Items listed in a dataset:
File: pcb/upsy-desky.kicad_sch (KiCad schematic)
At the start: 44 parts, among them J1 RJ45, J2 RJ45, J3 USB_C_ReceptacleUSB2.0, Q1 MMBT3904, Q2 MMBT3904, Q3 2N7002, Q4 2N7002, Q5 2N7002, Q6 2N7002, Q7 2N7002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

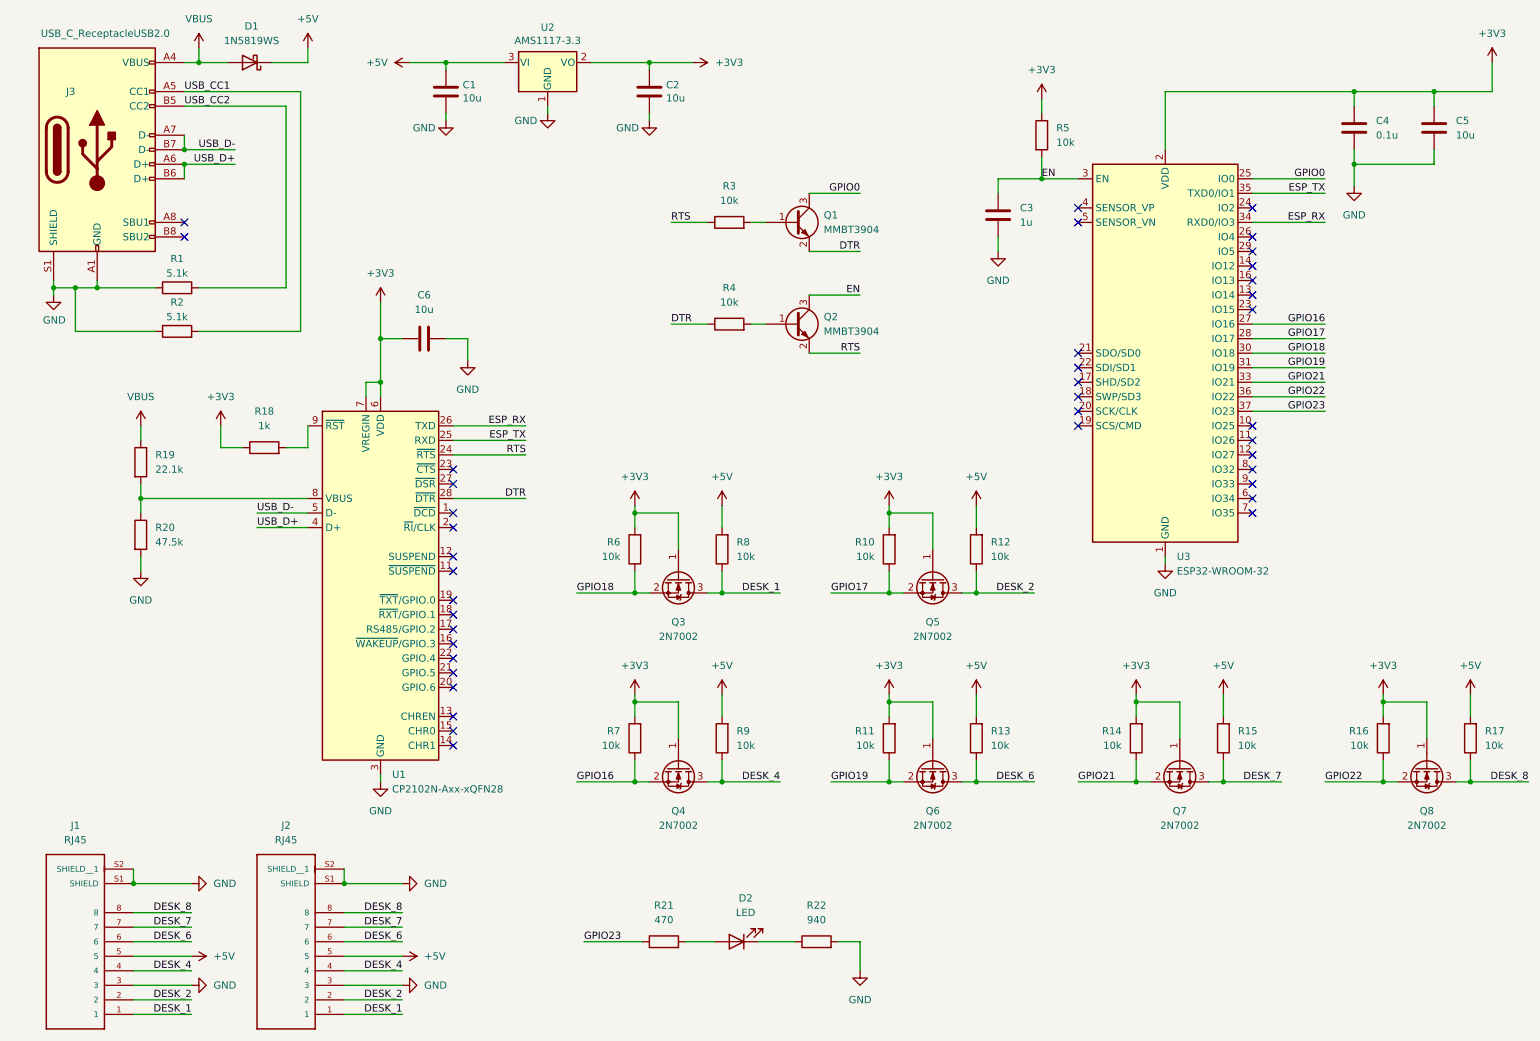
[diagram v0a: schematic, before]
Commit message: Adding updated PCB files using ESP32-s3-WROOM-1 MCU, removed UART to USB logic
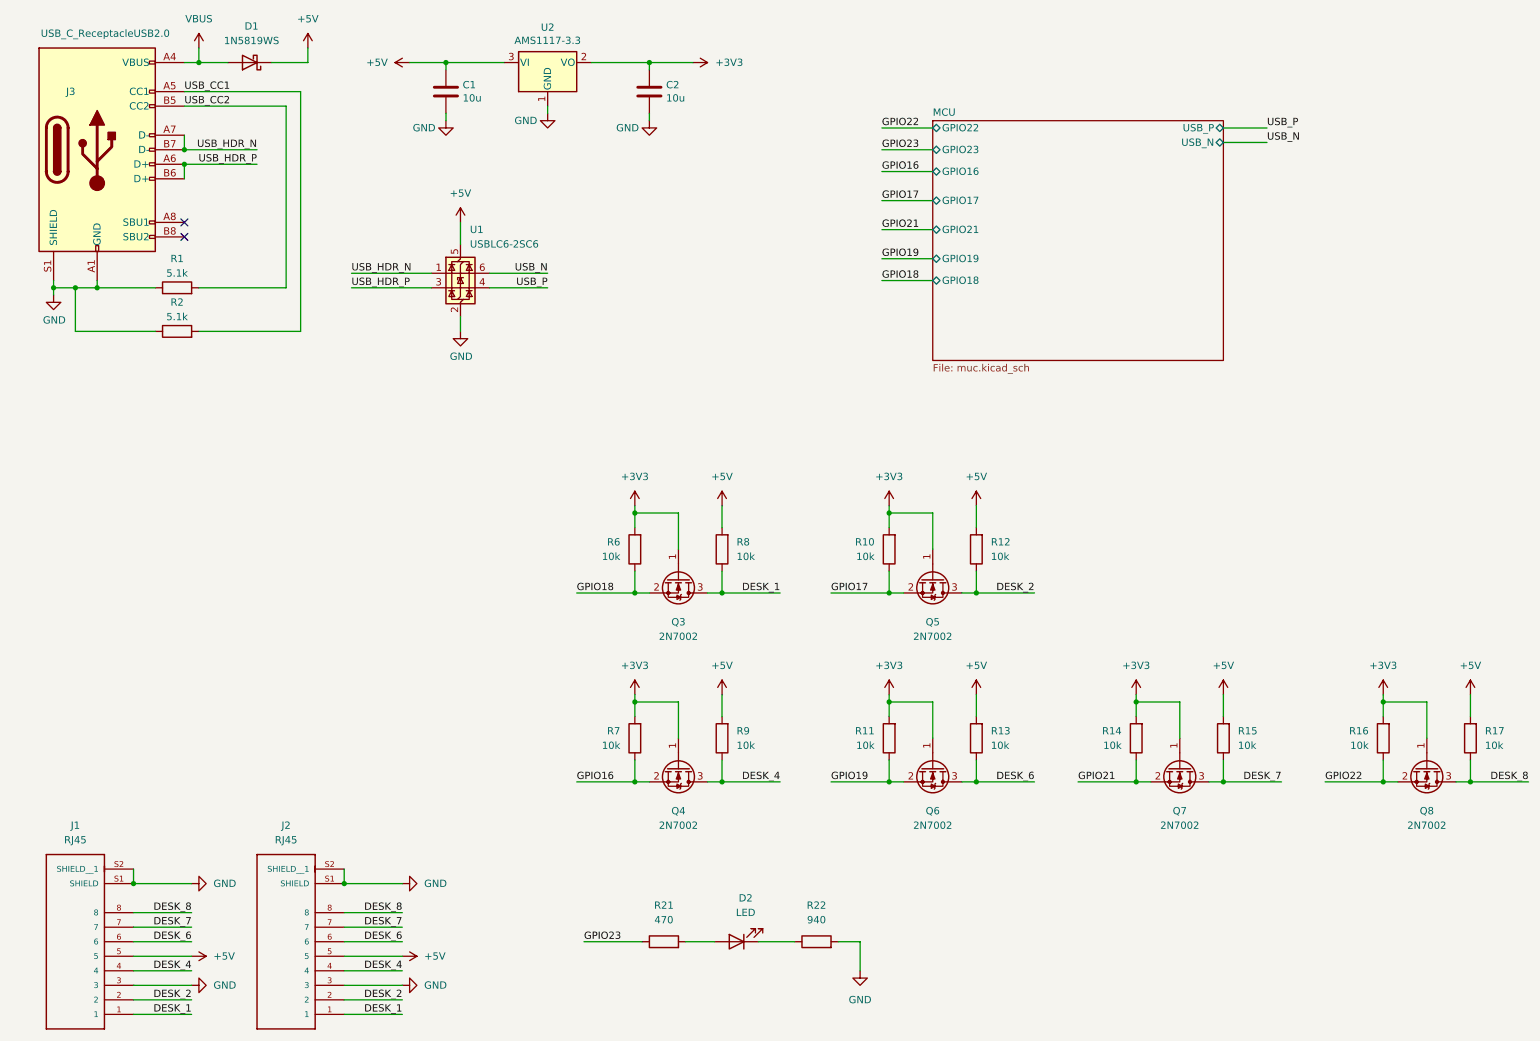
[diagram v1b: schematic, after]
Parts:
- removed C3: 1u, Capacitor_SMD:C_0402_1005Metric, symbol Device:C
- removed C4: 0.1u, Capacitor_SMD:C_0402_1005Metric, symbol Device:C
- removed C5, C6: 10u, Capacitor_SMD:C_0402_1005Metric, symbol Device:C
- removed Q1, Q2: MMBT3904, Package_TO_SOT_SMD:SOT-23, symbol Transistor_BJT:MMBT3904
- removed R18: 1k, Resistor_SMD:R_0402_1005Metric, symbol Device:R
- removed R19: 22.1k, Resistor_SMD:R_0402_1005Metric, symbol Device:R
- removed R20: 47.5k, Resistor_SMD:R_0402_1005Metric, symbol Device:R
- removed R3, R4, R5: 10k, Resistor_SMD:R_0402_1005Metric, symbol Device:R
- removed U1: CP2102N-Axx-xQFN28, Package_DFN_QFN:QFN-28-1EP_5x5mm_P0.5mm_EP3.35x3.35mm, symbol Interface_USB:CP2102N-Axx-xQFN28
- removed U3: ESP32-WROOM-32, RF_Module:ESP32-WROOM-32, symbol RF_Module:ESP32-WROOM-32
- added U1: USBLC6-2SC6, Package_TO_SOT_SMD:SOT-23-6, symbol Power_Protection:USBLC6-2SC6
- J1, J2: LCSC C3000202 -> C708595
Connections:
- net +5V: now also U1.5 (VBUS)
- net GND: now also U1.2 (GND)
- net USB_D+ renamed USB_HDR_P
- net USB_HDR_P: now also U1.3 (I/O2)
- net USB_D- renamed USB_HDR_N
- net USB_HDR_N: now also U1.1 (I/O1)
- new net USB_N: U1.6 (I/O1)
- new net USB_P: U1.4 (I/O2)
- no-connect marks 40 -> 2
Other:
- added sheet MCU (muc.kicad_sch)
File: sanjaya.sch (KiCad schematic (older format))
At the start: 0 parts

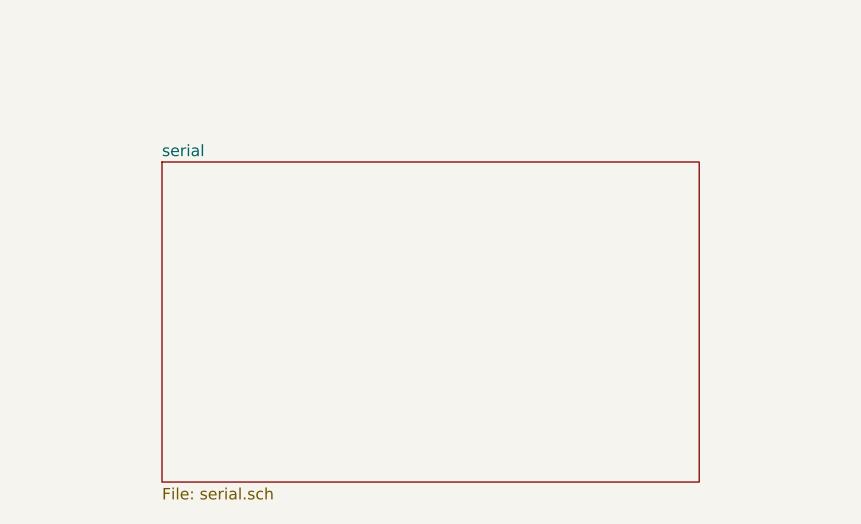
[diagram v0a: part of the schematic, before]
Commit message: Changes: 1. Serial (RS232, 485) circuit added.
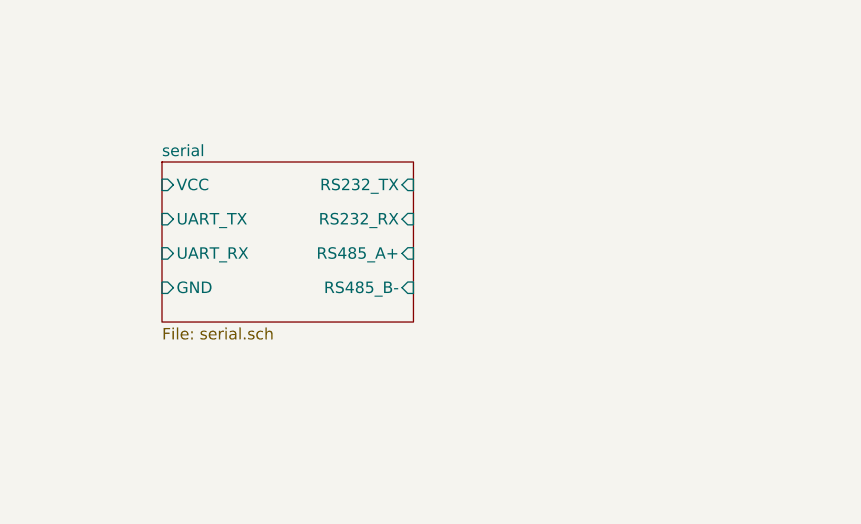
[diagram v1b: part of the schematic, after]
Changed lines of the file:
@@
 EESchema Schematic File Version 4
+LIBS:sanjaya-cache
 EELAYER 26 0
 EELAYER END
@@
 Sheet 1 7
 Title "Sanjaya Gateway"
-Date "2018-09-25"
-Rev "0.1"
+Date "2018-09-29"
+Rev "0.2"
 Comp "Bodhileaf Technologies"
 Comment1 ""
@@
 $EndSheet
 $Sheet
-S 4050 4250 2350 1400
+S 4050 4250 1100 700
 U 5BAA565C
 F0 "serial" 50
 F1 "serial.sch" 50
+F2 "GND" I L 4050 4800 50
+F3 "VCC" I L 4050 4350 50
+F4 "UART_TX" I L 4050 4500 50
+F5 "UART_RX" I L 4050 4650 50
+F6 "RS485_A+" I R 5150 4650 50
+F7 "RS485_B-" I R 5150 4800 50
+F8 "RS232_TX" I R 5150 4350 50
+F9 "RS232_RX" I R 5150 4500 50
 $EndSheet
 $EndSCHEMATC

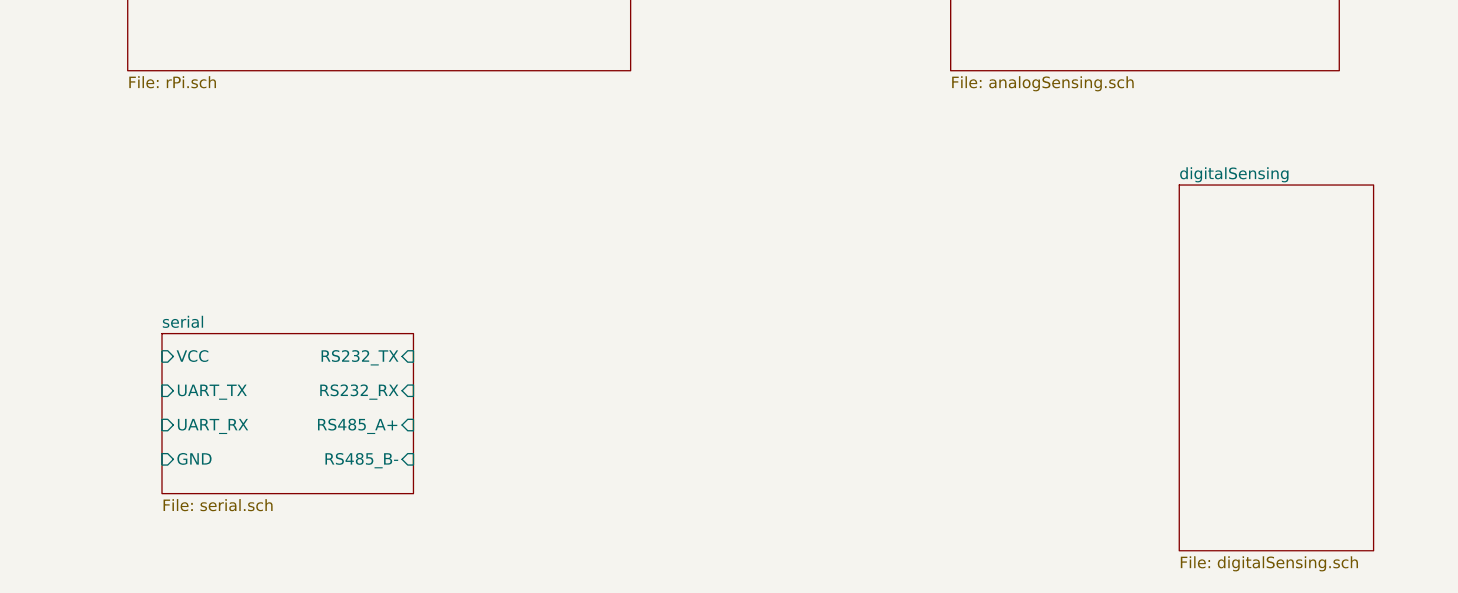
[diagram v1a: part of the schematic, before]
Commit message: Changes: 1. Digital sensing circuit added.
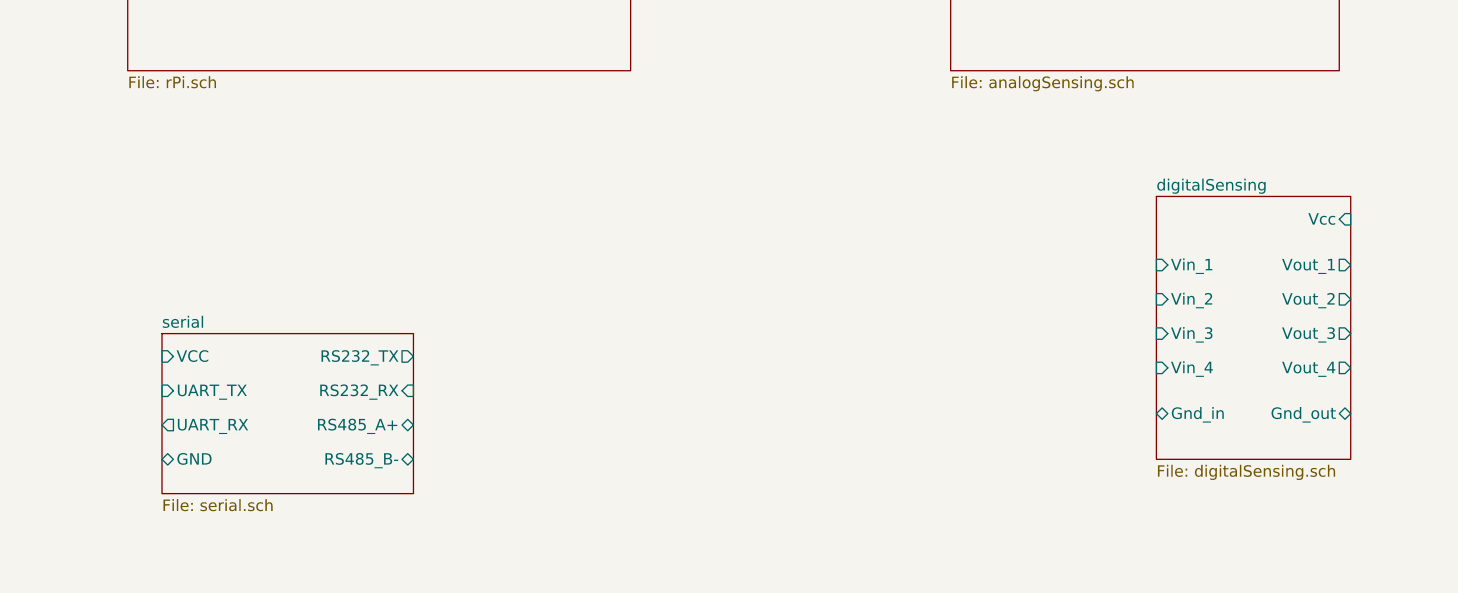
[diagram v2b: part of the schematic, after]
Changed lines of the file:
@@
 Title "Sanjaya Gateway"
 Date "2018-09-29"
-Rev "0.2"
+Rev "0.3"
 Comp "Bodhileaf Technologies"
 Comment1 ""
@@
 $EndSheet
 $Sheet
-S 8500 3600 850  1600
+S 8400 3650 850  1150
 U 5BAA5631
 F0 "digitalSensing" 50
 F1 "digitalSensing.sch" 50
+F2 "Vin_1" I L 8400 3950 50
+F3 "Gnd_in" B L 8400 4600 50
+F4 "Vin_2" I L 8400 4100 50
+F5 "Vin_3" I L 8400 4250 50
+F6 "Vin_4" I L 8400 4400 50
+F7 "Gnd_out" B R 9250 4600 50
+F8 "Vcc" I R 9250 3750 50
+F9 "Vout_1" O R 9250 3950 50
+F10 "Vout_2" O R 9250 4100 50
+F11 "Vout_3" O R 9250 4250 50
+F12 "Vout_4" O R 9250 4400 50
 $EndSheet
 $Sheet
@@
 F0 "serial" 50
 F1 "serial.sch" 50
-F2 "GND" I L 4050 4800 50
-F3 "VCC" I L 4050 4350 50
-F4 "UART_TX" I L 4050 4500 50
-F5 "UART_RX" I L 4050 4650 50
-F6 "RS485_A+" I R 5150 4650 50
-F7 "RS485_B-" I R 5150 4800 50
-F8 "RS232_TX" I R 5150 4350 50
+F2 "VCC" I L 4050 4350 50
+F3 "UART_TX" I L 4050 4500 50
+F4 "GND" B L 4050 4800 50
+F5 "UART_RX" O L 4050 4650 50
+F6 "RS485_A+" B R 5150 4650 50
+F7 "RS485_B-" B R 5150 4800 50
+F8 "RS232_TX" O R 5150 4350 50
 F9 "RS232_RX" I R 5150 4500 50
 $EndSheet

WORK INSTRUCTION:
Output the lines above between the one holding "- removed R18: 1k, Resistor_SMD:R_0402_1005Metric, symbol" and the one holding "- added sheet MCU (muc.kicad_sch)", inclusive, with nothing before or after them.

EXERCISE RESPONSE:
- removed R18: 1k, Resistor_SMD:R_0402_1005Metric, symbol Device:R
- removed R19: 22.1k, Resistor_SMD:R_0402_1005Metric, symbol Device:R
- removed R20: 47.5k, Resistor_SMD:R_0402_1005Metric, symbol Device:R
- removed R3, R4, R5: 10k, Resistor_SMD:R_0402_1005Metric, symbol Device:R
- removed U1: CP2102N-Axx-xQFN28, Package_DFN_QFN:QFN-28-1EP_5x5mm_P0.5mm_EP3.35x3.35mm, symbol Interface_USB:CP2102N-Axx-xQFN28
- removed U3: ESP32-WROOM-32, RF_Module:ESP32-WROOM-32, symbol RF_Module:ESP32-WROOM-32
- added U1: USBLC6-2SC6, Package_TO_SOT_SMD:SOT-23-6, symbol Power_Protection:USBLC6-2SC6
- J1, J2: LCSC C3000202 -> C708595
Connections:
- net +5V: now also U1.5 (VBUS)
- net GND: now also U1.2 (GND)
- net USB_D+ renamed USB_HDR_P
- net USB_HDR_P: now also U1.3 (I/O2)
- net USB_D- renamed USB_HDR_N
- net USB_HDR_N: now also U1.1 (I/O1)
- new net USB_N: U1.6 (I/O1)
- new net USB_P: U1.4 (I/O2)
- no-connect marks 40 -> 2
Other:
- added sheet MCU (muc.kicad_sch)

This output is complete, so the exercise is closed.